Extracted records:
---+---
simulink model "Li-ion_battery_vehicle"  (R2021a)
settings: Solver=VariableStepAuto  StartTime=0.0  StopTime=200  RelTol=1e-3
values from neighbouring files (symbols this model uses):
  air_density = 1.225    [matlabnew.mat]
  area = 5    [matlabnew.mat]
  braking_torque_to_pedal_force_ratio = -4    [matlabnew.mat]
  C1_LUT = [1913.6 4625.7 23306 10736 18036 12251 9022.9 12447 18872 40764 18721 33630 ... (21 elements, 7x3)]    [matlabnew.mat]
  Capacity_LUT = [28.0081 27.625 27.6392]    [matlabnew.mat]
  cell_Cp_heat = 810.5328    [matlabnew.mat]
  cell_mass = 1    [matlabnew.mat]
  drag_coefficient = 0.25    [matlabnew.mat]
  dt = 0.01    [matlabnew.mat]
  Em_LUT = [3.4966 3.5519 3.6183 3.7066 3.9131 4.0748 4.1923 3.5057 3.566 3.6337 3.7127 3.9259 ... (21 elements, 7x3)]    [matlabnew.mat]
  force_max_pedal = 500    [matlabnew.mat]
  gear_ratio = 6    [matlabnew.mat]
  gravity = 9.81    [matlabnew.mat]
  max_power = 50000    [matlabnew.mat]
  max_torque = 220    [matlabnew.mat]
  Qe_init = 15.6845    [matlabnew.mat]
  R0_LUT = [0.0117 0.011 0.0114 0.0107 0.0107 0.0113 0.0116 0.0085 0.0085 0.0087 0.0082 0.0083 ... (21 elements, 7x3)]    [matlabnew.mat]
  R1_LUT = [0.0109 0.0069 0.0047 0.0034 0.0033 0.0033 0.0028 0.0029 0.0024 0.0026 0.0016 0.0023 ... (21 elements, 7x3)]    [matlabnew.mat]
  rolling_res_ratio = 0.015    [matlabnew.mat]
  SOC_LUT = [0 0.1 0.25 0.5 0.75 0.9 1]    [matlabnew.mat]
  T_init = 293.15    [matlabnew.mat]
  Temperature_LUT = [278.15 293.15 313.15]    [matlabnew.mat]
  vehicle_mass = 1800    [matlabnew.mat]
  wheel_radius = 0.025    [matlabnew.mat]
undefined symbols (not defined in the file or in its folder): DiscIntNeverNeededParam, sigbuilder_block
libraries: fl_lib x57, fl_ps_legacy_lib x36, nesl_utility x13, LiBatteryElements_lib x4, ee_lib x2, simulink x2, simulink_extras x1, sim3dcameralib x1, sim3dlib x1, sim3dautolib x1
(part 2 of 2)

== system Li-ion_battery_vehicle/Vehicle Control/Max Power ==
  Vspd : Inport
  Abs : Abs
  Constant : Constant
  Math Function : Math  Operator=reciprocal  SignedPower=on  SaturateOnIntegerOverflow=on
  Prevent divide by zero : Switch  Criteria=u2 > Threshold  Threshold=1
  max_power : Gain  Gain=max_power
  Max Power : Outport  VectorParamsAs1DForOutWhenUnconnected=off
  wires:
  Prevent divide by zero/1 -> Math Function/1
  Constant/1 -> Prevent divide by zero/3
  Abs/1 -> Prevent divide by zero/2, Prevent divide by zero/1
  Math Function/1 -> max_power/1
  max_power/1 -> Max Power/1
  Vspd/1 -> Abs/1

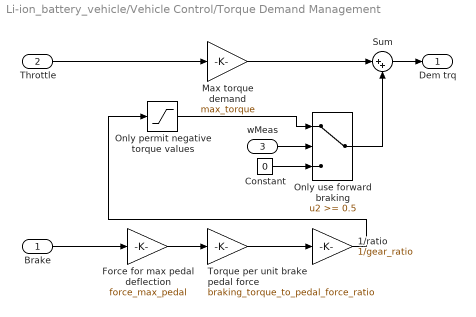
== system Li-ion_battery_vehicle/Vehicle Control/Torque Demand Management ==
  Brake : Inport
  Throttle : Inport  Port=2
  wMeas : Inport  Port=3
  1/ratio : Gain  Gain=1/gear_ratio
  Constant : Constant  Value=0  SampleTime=dt
  Force for max pedal deflection : Gain  Gain=force_max_pedal
  Max torque demand : Gain  Gain=max_torque
  Only permit negative torque values : Saturate  UpperLimit=-10  LowerLimit=-max_torque
  Only use forward braking : Switch  Threshold=0.5  InputSameDT=on
  Sum : Sum  Inputs=|++
  Torque per unit brake pedal force : Gain  Gain=braking_torque_to_pedal_force_ratio
  Dem trq : Outport  VectorParamsAs1DForOutWhenUnconnected=off
  wires:
  Max torque demand/1 -> Sum/1
  Brake/1 -> Force for max pedal deflection/1
  Sum/1 -> Dem trq/1
  Throttle/1 -> Max torque demand/1
  Torque per unit brake pedal force/1 -> 1/ratio/1
  1/ratio/1 -> Only permit negative torque values/1
  Force for max pedal deflection/1 -> Torque per unit brake pedal force/1
  wMeas/1 -> Only use forward braking/2
  Only use forward braking/1 -> Sum/2
  Constant/1 -> Only use forward braking/3
  Only permit negative torque values/1 -> Only use forward braking/1

== system Li-ion_battery_vehicle/Vehicle Control/regenerative braking  ==
  Inclin. : Inport
  " M " : Gain  Gain=vehicle_mass
  1/ratio : Gain  Gain=1/gear_ratio
  Wheel radius : Gain  Gain=wheel_radius
  Feedfwd trq : Outport  VectorParamsAs1DForOutWhenUnconnected=off
  wires:
  Inclin./1 -> " M "/1
  " M "/1 -> Wheel radius/1
  Wheel radius/1 -> 1/ratio/1  "Wheel torque"
  1/ratio/1 -> Feedfwd trq/1  "Motor torque"

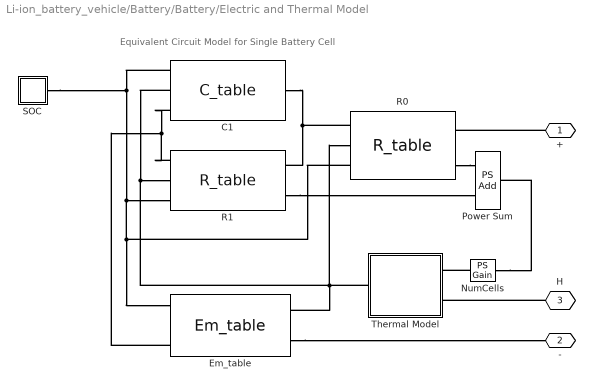
== system Li-ion_battery_vehicle/Battery/Battery/Electric and Thermal Model ==
  note: Equivalent Circuit Model for Single Battery Cell
  " SOC " : Subsystem
  C1 : LiBatteryElements_lib/C_table  C_Table=C1_LUT*Nparallel F  SOC_Table=SOC_LUT  Temp_Table=Temperature_LUT K  v0=0 V
      settings: SourceProductBaseCode=SS  InternalSimscapePortConfiguration="{\"Bottom\":[],\"Left\":[{\"id\":\"p\",\"label\":\"+\",\"type\":\"foundation.electrical.electrical\"},{\"id\":\"T\",\"label\":\"T\",\"type\":\"input\"},{\"id\":\"SOC\",\"label\":\"SOC\",\"type\":\"input\"}],\"Right\":[{\"id\":\"n\",\"label\":\"-\",\"type\":\"foundation.electrical.electrical\"}],\"Top\":[]}"
  Em_table : LiBatteryElements_lib/Em_table  C_Table=Capacity_LUT*Nparallel hr*A  Em_Table=Em_LUT V  SOC_Table=SOC_LUT  Temp_Table=Temperature_LUT K  Qinit=Qe_init*Nparallel hr*A
      settings: SourceProductBaseCode=SS  InternalSimscapePortConfiguration="{\"Bottom\":[],\"Left\":[{\"id\":\"p\",\"label\":\"+\",\"type\":\"foundation.electrical.electrical\"},{\"id\":\"C\",\"label\":\"C\",\"type\":\"output\"},{\"id\":\"SOC\",\"label\":\"SOC\",\"type\":\"output\"}],\"Right\":[{\"id\":\"n\",\"label\":\"-\",\"type\":\"foundation.electrical.electrical\"},{\"id\":\"T\",\"label\":\"T\",\"type\":\"input\"}],\"Top\":[]}"
  NumCells : fl_ps_legacy_lib/Legacy Physical Signals/Functions/PS Gain  gain=Nseries
  Power Sum : fl_ps_legacy_lib/Legacy Physical Signals/Functions/PS Add
      settings: SourceProductBaseCode=SS  InternalSimscapePortConfiguration="{\"Bottom\":[],\"Left\":[{\"id\":\"I1\",\"label\":\"\",\"type\":\"input\"},{\"id\":\"I2\",\"label\":\"\",\"type\":\"input\"}],\"Right\":[{\"id\":\"O\",\"label\":\"\",\"type\":\"output\"}],\"Top\":[]}"
  R0 : LiBatteryElements_lib/R_table  R_Table=R0_LUT/Nparallel Ohm  SOC_Table=SOC_LUT  Temp_Table=Temperature_LUT K
      settings: SourceProductBaseCode=SS  InternalSimscapePortConfiguration="{\"Bottom\":[],\"Left\":[{\"id\":\"p\",\"label\":\"+\",\"type\":\"foundation.electrical.electrical\"},{\"id\":\"T\",\"label\":\"T\",\"type\":\"input\"},{\"id\":\"SOC\",\"label\":\"SOC\",\"type\":\"input\"}],\"Right\":[{\"id\":\"n\",\"label\":\"-\",\"type\":\"foundation.electrical.electrical\"},{\"id\":\"pow\",\"label\":\"POW\",\"type\":\"output\"}],\"Top\":[]}"
  R1 : LiBatteryElements_lib/R_table  R_Table=R1_LUT/Nparallel Ohm  SOC_Table=SOC_LUT  Temp_Table=Temperature_LUT K
      settings: SourceProductBaseCode=SS  InternalSimscapePortConfiguration="{\"Bottom\":[],\"Left\":[{\"id\":\"p\",\"label\":\"+\",\"type\":\"foundation.electrical.electrical\"},{\"id\":\"T\",\"label\":\"T\",\"type\":\"input\"},{\"id\":\"SOC\",\"label\":\"SOC\",\"type\":\"input\"}],\"Right\":[{\"id\":\"n\",\"label\":\"-\",\"type\":\"foundation.electrical.electrical\"},{\"id\":\"pow\",\"label\":\"POW\",\"type\":\"output\"}],\"Top\":[]}"
  Thermal Model : Subsystem
  + : PMIOPort  Side=Right
  - : PMIOPort  Port=2  Side=Right
  H : PMIOPort  Tag=PMCPort  Port=3  Side=Left
  connections:
  NumCells/LConn1 -- Power Sum/RConn1
  +/RConn1 -- R0/RConn1
  C1/LConn2 -- Thermal Model/RConn1 -- Em_table/RConn2 -- R0/LConn2 -- R1/LConn2
  Em_table/LConn1 -- R1/LConn1 -- C1/LConn1
  R1/RConn2 -- Power Sum/LConn2
  R0/RConn2 -- Power Sum/LConn1
  C1/RConn1 -- R1/RConn1 -- R0/LConn1
  Em_table/RConn1 -- -/RConn1
  R0/LConn3 -- Em_table/LConn3 -- " SOC "/LConn1 -- C1/LConn3 -- R1/LConn3
  NumCells/RConn1 -- Thermal Model/LConn1
  H/RConn1 -- Thermal Model/LConn2

== system Li-ion_battery_vehicle/Battery/Cooling System/Heat Exch. Characteristic ==
  Characteristic : Subsystem
  Heat Flow Source : fl_lib/Thermal/Thermal Sources/Controlled Heat Flow Rate Source
  Mass Flow Rate & Thermal Flux Sensor (TL) : fl_lib/Thermal Liquid/Sensors/Mass & Energy Flow Rate Sensor (TL)
      settings: SourceProductBaseCode=SS  InternalSimscapePortConfiguration="{\"Bottom\":[],\"Left\":[{\"id\":\"A\",\"label\":\"A\",\"type\":\"foundation.thermal_liquid.thermal_liquid\"}],\"Right\":[{\"id\":\"B\",\"label\":\"B\",\"type\":\"foundation.thermal_liquid.thermal_liquid\"},{\"id\":\"M\",\"label\":\"M\",\"type\":\"output\"},{\"id\":\"PHI\",\"label\":\"Phi\",\"type\":\"output\"}],\"Top\":[]}"
  Temperature Sensor : fl_lib/Thermal/Thermal Sensors/Temperature Sensor
  ThRef : fl_lib/Thermal/Thermal Elements/Thermal Reference
  Henv : PMIOPort  Side=Right
  Hp : PMIOPort  Port=2  Side=Left
  B : PMIOPort  Port=3  Side=Right
  Phi : PMIOPort  Port=4  Side=Right
  A : PMIOPort  Port=5  Side=Left
  T in : PMIOPort  Port=6  Side=Left
  connections:
  A/RConn1 -- Mass Flow Rate & Thermal Flux Sensor (TL)/LConn1
  Temperature Sensor/LConn1 -- Henv/RConn1 -- Heat Flow Source/RConn2
  ThRef/LConn1 -- Temperature Sensor/RConn1
  Heat Flow Source/LConn1 -- Hp/RConn1
  Mass Flow Rate & Thermal Flux Sensor (TL)/RConn1 -- B/RConn1
  Mass Flow Rate & Thermal Flux Sensor (TL)/RConn3 -- Phi/RConn1
  Mass Flow Rate & Thermal Flux Sensor (TL)/RConn2 -- Characteristic/RConn1
  T in/RConn1 -- Characteristic/RConn2
  Temperature Sensor/RConn2 -- Characteristic/RConn3
  Characteristic/LConn1 -- Heat Flow Source/RConn1

== system Li-ion_battery_vehicle/Battery/Cooling System/Sensing Temperature ==
  Pressure & Temperature Sensor (TL) : fl_lib/Thermal Liquid/Sensors/Pressure & Temperature Sensor (TL)
      settings: SourceProductBaseCode=SS  InternalSimscapePortConfiguration="{\"Bottom\":[],\"Left\":[{\"id\":\"A\",\"label\":\"A\",\"type\":\"foundation.thermal_liquid.thermal_liquid\"}],\"Right\":[{\"id\":\"B\",\"label\":\"B\",\"type\":\"foundation.thermal_liquid.thermal_liquid\"},{\"id\":\"P\",\"label\":\"P\",\"type\":\"output\"},{\"id\":\"T\",\"label\":\"T\",\"type\":\"output\"}],\"Top\":[]}"
  TLRef : fl_lib/Thermal Liquid/Elements/Absolute Reference (TL)
      settings: SourceProductBaseCode=SS
  T : PMIOPort  Side=Right
  A : PMIOPort  Port=2  Side=Left
  connections:
  Pressure & Temperature Sensor (TL)/RConn3 -- T/RConn1
  TLRef/LConn1 -- Pressure & Temperature Sensor (TL)/RConn1
  A/RConn1 -- Pressure & Temperature Sensor (TL)/LConn1

== system Li-ion_battery_vehicle/Battery/DC-DC Converter/Sensing Battery Quantities ==
  Battery Voltage : nesl_utility/PS-Simulink Converter  PhysicalDomain=network_engine_domain  SubClassName=ps_output  LeftPortType=input  RightPortType=output  PseudoPeriodic=off  Frequencies=[]  Unit=V  AffineConversion=off
      settings: SourceProductBaseCode=PW,SS
  Current Sensor : fl_lib/Electrical/Electrical Sensors/Current Sensor
  PS-Simulink Converter1 : nesl_utility/PS-Simulink Converter  PhysicalDomain=network_engine_domain  SubClassName=ps_output  LeftPortType=input  RightPortType=output  PseudoPeriodic=off  Frequencies=[]  Unit=A  AffineConversion=off
      settings: SourceProductBaseCode=PW,SS
  Voltage Sensor : fl_lib/Electrical/Electrical Sensors/Voltage Sensor
  +1 : PMIOPort  Side=Right
  - : PMIOPort  Port=2  Side=Left
  +2 : PMIOPort  Port=3  Side=Right
  tag scope: iBat=global, vBat=global
  wires:
  Battery Voltage/1 -> [vBat]
  PS-Simulink Converter1/1 -> [iBat]
  connections:
  Voltage Sensor/RConn2 -- -/RConn1
  Voltage Sensor/LConn1 -- Current Sensor/LConn1 -- +1/RConn1
  Voltage Sensor/RConn1 -- Battery Voltage/LConn1
  Current Sensor/RConn2 -- +2/RConn1
  Current Sensor/RConn1 -- PS-Simulink Converter1/LConn1

== system Li-ion_battery_vehicle/PMSM Drive/Heat Exch. Characteristic/Characteristic ==
  PS Product : fl_ps_legacy_lib/Legacy Physical Signals/Functions/PS Product
      settings: SourceProductBaseCode=SS
  PS Subtract : fl_ps_legacy_lib/Legacy Physical Signals/Functions/PS Subtract
      settings: SourceProductBaseCode=SS
  Specific dissipation (J/s/K) : fl_ps_legacy_lib/Legacy Physical Signals/Lookup Tables/PS Lookup Table (1D)  x="[0 0.2 0.4  0.7  1 1.2  1.4  2.5 ]"  f=100 * [0 0.5 0.75 0.92 1 1.02 1.03 1.04]  interp_method=1  extrap_method=1
      settings: SourceProductBaseCode=SS  InternalSimscapePortConfiguration="{\"Bottom\":[],\"Left\":[{\"id\":\"I\",\"label\":\"x\",\"type\":\"input\"}],\"Right\":[{\"id\":\"O\",\"label\":\"f\",\"type\":\"output\"}],\"Top\":[]}"
  Specific dissipation (J/s/K) per unit mass flow rate : fl_ps_legacy_lib/Legacy Physical Signals/Functions/PS Gain  gain=100
  Mass Flow : PMIOPort  Side=Left
  Temp Inlet : PMIOPort  Port=2  Side=Left
  Temp Motor : PMIOPort  Port=3  Side=Left
  Q : PMIOPort  Port=4  Side=Right
  connections:
  PS Subtract/RConn1 -- PS Product/LConn1
  Specific dissipation (J/s/K)/RConn1 -- PS Product/LConn2
  Temp Motor/RConn1 -- PS Subtract/LConn1
  PS Subtract/LConn2 -- Temp Inlet/RConn1
  PS Product/RConn1 -- Q/RConn1
  Mass Flow/RConn1 -- Specific dissipation (J/s/K) per unit mass flow rate/LConn1
  Specific dissipation (J/s/K) per unit mass flow rate/RConn1 -- Specific dissipation (J/s/K)/LConn1

== system Li-ion_battery_vehicle/Vehicle Dynamics/Brake Torque/Smooth Sign ==
  1 : fl_lib/Physical Signals/Sources/PS Constant  constant=1
  2 : fl_ps_legacy_lib/Legacy Physical Signals/Functions/PS Gain  gain=2
  exp(2x) : fl_ps_legacy_lib/Legacy Physical Signals/Functions/PS Math Function  fcn_choice=3
      settings: SourceProductBaseCode=SS  InternalSimscapePortConfiguration="{\"Bottom\":[],\"Left\":[{\"id\":\"I\",\"label\":\"\",\"type\":\"input\"}],\"Right\":[{\"id\":\"O\",\"label\":\"\",\"type\":\"output\"}],\"Top\":[]}"
  exp(2x)+1 : fl_ps_legacy_lib/Legacy Physical Signals/Functions/PS Add
      settings: SourceProductBaseCode=SS  InternalSimscapePortConfiguration="{\"Bottom\":[],\"Left\":[{\"id\":\"I1\",\"label\":\"\",\"type\":\"input\"},{\"id\":\"I2\",\"label\":\"\",\"type\":\"input\"}],\"Right\":[{\"id\":\"O\",\"label\":\"\",\"type\":\"output\"}],\"Top\":[]}"
  exp(2x)-1 : fl_ps_legacy_lib/Legacy Physical Signals/Functions/PS Subtract
      settings: SourceProductBaseCode=SS
  tanh(x) : fl_ps_legacy_lib/Legacy Physical Signals/Functions/PS Divide
      settings: SourceProductBaseCode=SS  InternalSimscapePortConfiguration="{\"Bottom\":[],\"Left\":[{\"id\":\"I1\",\"label\":\"\",\"type\":\"input\"},{\"id\":\"I2\",\"label\":\"\",\"type\":\"input\"}],\"Right\":[{\"id\":\"O\",\"label\":\"\",\"type\":\"output\"}],\"Top\":[]}"
  x : PMIOPort  Side=Left
  y : PMIOPort  Port=2  Side=Right
  connections:
  y/RConn1 -- tanh(x)/RConn1
  x/RConn1 -- 2/LConn1
  exp(2x)-1/RConn1 -- tanh(x)/LConn1
  exp(2x)+1/RConn1 -- tanh(x)/LConn2
  exp(2x)+1/LConn2 -- exp(2x)-1/LConn1 -- exp(2x)/RConn1
  2/RConn1 -- exp(2x)/LConn1
  exp(2x)-1/LConn2 -- exp(2x)+1/LConn1 -- 1/RConn1

== system Li-ion_battery_vehicle/Vehicle Dynamics/Drag and Gravity/Smooth Step ==
  1 : fl_lib/Physical Signals/Sources/PS Constant  constant=1
  2 : fl_ps_legacy_lib/Legacy Physical Signals/Functions/PS Gain  gain=2
  exp(2x) : fl_ps_legacy_lib/Legacy Physical Signals/Functions/PS Math Function  fcn_choice=3
      settings: SourceProductBaseCode=SS  InternalSimscapePortConfiguration="{\"Bottom\":[],\"Left\":[{\"id\":\"I\",\"label\":\"\",\"type\":\"input\"}],\"Right\":[{\"id\":\"O\",\"label\":\"\",\"type\":\"output\"}],\"Top\":[]}"
  exp(2x)+1 : fl_ps_legacy_lib/Legacy Physical Signals/Functions/PS Add
      settings: SourceProductBaseCode=SS  InternalSimscapePortConfiguration="{\"Bottom\":[],\"Left\":[{\"id\":\"I1\",\"label\":\"\",\"type\":\"input\"},{\"id\":\"I2\",\"label\":\"\",\"type\":\"input\"}],\"Right\":[{\"id\":\"O\",\"label\":\"\",\"type\":\"output\"}],\"Top\":[]}"
  exp(2x)-1 : fl_ps_legacy_lib/Legacy Physical Signals/Functions/PS Subtract
      settings: SourceProductBaseCode=SS
  tanh(x) : fl_ps_legacy_lib/Legacy Physical Signals/Functions/PS Divide
      settings: SourceProductBaseCode=SS  InternalSimscapePortConfiguration="{\"Bottom\":[],\"Left\":[{\"id\":\"I1\",\"label\":\"\",\"type\":\"input\"},{\"id\":\"I2\",\"label\":\"\",\"type\":\"input\"}],\"Right\":[{\"id\":\"O\",\"label\":\"\",\"type\":\"output\"}],\"Top\":[]}"
  x : PMIOPort  Side=Left
  y : PMIOPort  Port=2  Side=Right
  connections:
  y/RConn1 -- tanh(x)/RConn1
  x/RConn1 -- 2/LConn1
  exp(2x)-1/RConn1 -- tanh(x)/LConn1
  exp(2x)+1/RConn1 -- tanh(x)/LConn2
  exp(2x)+1/LConn2 -- exp(2x)-1/LConn1 -- exp(2x)/RConn1
  2/RConn1 -- exp(2x)/LConn1
  exp(2x)-1/LConn2 -- exp(2x)+1/LConn1 -- 1/RConn1

== system Li-ion_battery_vehicle/Vehicle Control/Cruise Control/Capture speed ==
  In1 : Inport
  Trigger : TriggerPort  VariantControl=Variant
  Out1 : Outport  VectorParamsAs1DForOutWhenUnconnected=off
  wires:
  In1/1 -> Out1/1

== system Li-ion_battery_vehicle/Vehicle Control/Cruise Control/Speed Controller ==
  wRef : Inport
  wMeas : Inport  Port=2
  Add : Sum  Inputs=|+-
  Add1 : Sum
  Discrete-Time Integrator : DiscreteIntegrator  gainval=Ki  SampleTime=ts  LimitOutput=on  UpperSaturationLimit=trqMax  LowerSaturationLimit=-trqMax  ICPrevOutput=DiscIntNeverNeededParam  ICPrevScaledInput=DiscIntNeverNeededParam
  Kp : Gain  Gain=Kp
  trqRef : Outport  VectorParamsAs1DForOutWhenUnconnected=off
  wires:
  wRef/1 -> Add/1
  Kp/1 -> Add1/1
  Discrete-Time Integrator/1 -> Add1/2
  wMeas/1 -> Add/2
  Add1/1 -> trqRef/1
  Add/1 -> Kp/1, Discrete-Time Integrator/1

== system Li-ion_battery_vehicle/Battery/Battery/Electric and Thermal Model/ SOC  ==
  PS-Simulink Converter1 : nesl_utility/PS-Simulink Converter  PhysicalDomain=network_engine_domain  SubClassName=ps_output  LeftPortType=input  RightPortType=output  PseudoPeriodic=off  Frequencies=[]  Unit=1  AffineConversion=off
      settings: SourceProductBaseCode=PW,SS
  PS : PMIOPort  Side=Left
  tag scope: SOC=global
  wires:
  PS-Simulink Converter1/1 -> [SOC]
  connections:
  PS/RConn1 -- PS-Simulink Converter1/LConn1

== system Li-ion_battery_vehicle/Battery/Battery/Electric and Thermal Model/Thermal Model ==
  Battery Thermal Mass : fl_lib/Thermal/Thermal Elements/Thermal Mass  mass=cell_mass*Nseries*Nparallel kg  sp_heat=cell_Cp_heat J/kg/K  T_specify=on  T_priority=High  T=T_init K  T_nominal_specify=off  T_nominal_unit=K  T_nominal_value=1  Q_specify=off  Q_priority=High  Q=0 J/s  Q_nominal_specify=off  Q_nominal_unit=J/s  Q_nominal_value=1
  Heat Flow Source : fl_lib/Thermal/Thermal Sources/Controlled Heat Flow Rate Source
  Ideal Temperature Sensor : fl_lib/Thermal/Thermal Sensors/Temperature Sensor
  ThRef1 : fl_lib/Thermal/Thermal Elements/Thermal Reference
  ThRef2 : fl_lib/Thermal/Thermal Elements/Thermal Reference
  PlossTotal : PMIOPort  Tag=PMCPort  Side=Left
  T : PMIOPort  Tag=PMCPort  Port=2  Side=Right
  H : PMIOPort  Tag=PMCPort  Port=3  Side=Left
  connections:
  ThRef2/LConn1 -- Ideal Temperature Sensor/RConn1
  Ideal Temperature Sensor/RConn2 -- T/RConn1
  ThRef1/LConn1 -- Heat Flow Source/RConn2
  Ideal Temperature Sensor/LConn1 -- H/RConn1 -- Battery Thermal Mass/LConn1 -- Heat Flow Source/LConn1
  Heat Flow Source/RConn1 -- PlossTotal/RConn1

== system Li-ion_battery_vehicle/Battery/Cooling System/Heat Exch. Characteristic/Characteristic ==
  PS Product : fl_ps_legacy_lib/Legacy Physical Signals/Functions/PS Product
      settings: SourceProductBaseCode=SS
  PS Subtract : fl_ps_legacy_lib/Legacy Physical Signals/Functions/PS Subtract
      settings: SourceProductBaseCode=SS
  Specific dissipation (J/s/K) per unit mass flow rate : fl_ps_legacy_lib/Legacy Physical Signals/Functions/PS Gain  gain=100
  M : PMIOPort  Side=Right
  T in : PMIOPort  Port=2  Side=Right
  T Env : PMIOPort  Port=3  Side=Right
  Q : PMIOPort  Port=4  Side=Left
  connections:
  T Env/RConn1 -- PS Subtract/LConn1
  PS Product/RConn1 -- Q/RConn1
  PS Subtract/RConn1 -- PS Product/LConn1
  T in/RConn1 -- PS Subtract/LConn2
  M/RConn1 -- Specific dissipation (J/s/K) per unit mass flow rate/LConn1
  PS Product/LConn2 -- Specific dissipation (J/s/K) per unit mass flow rate/RConn1
---+---
Transcribe the records above from the line holding "gravity = 9.81" down to the line holding "T_init = 293.15", inclusive, without adding anything.

Response:
  gravity = 9.81    [matlabnew.mat]
  max_power = 50000    [matlabnew.mat]
  max_torque = 220    [matlabnew.mat]
  Qe_init = 15.6845    [matlabnew.mat]
  R0_LUT = [0.0117 0.011 0.0114 0.0107 0.0107 0.0113 0.0116 0.0085 0.0085 0.0087 0.0082 0.0083 ... (21 elements, 7x3)]    [matlabnew.mat]
  R1_LUT = [0.0109 0.0069 0.0047 0.0034 0.0033 0.0033 0.0028 0.0029 0.0024 0.0026 0.0016 0.0023 ... (21 elements, 7x3)]    [matlabnew.mat]
  rolling_res_ratio = 0.015    [matlabnew.mat]
  SOC_LUT = [0 0.1 0.25 0.5 0.75 0.9 1]    [matlabnew.mat]
  T_init = 293.15    [matlabnew.mat]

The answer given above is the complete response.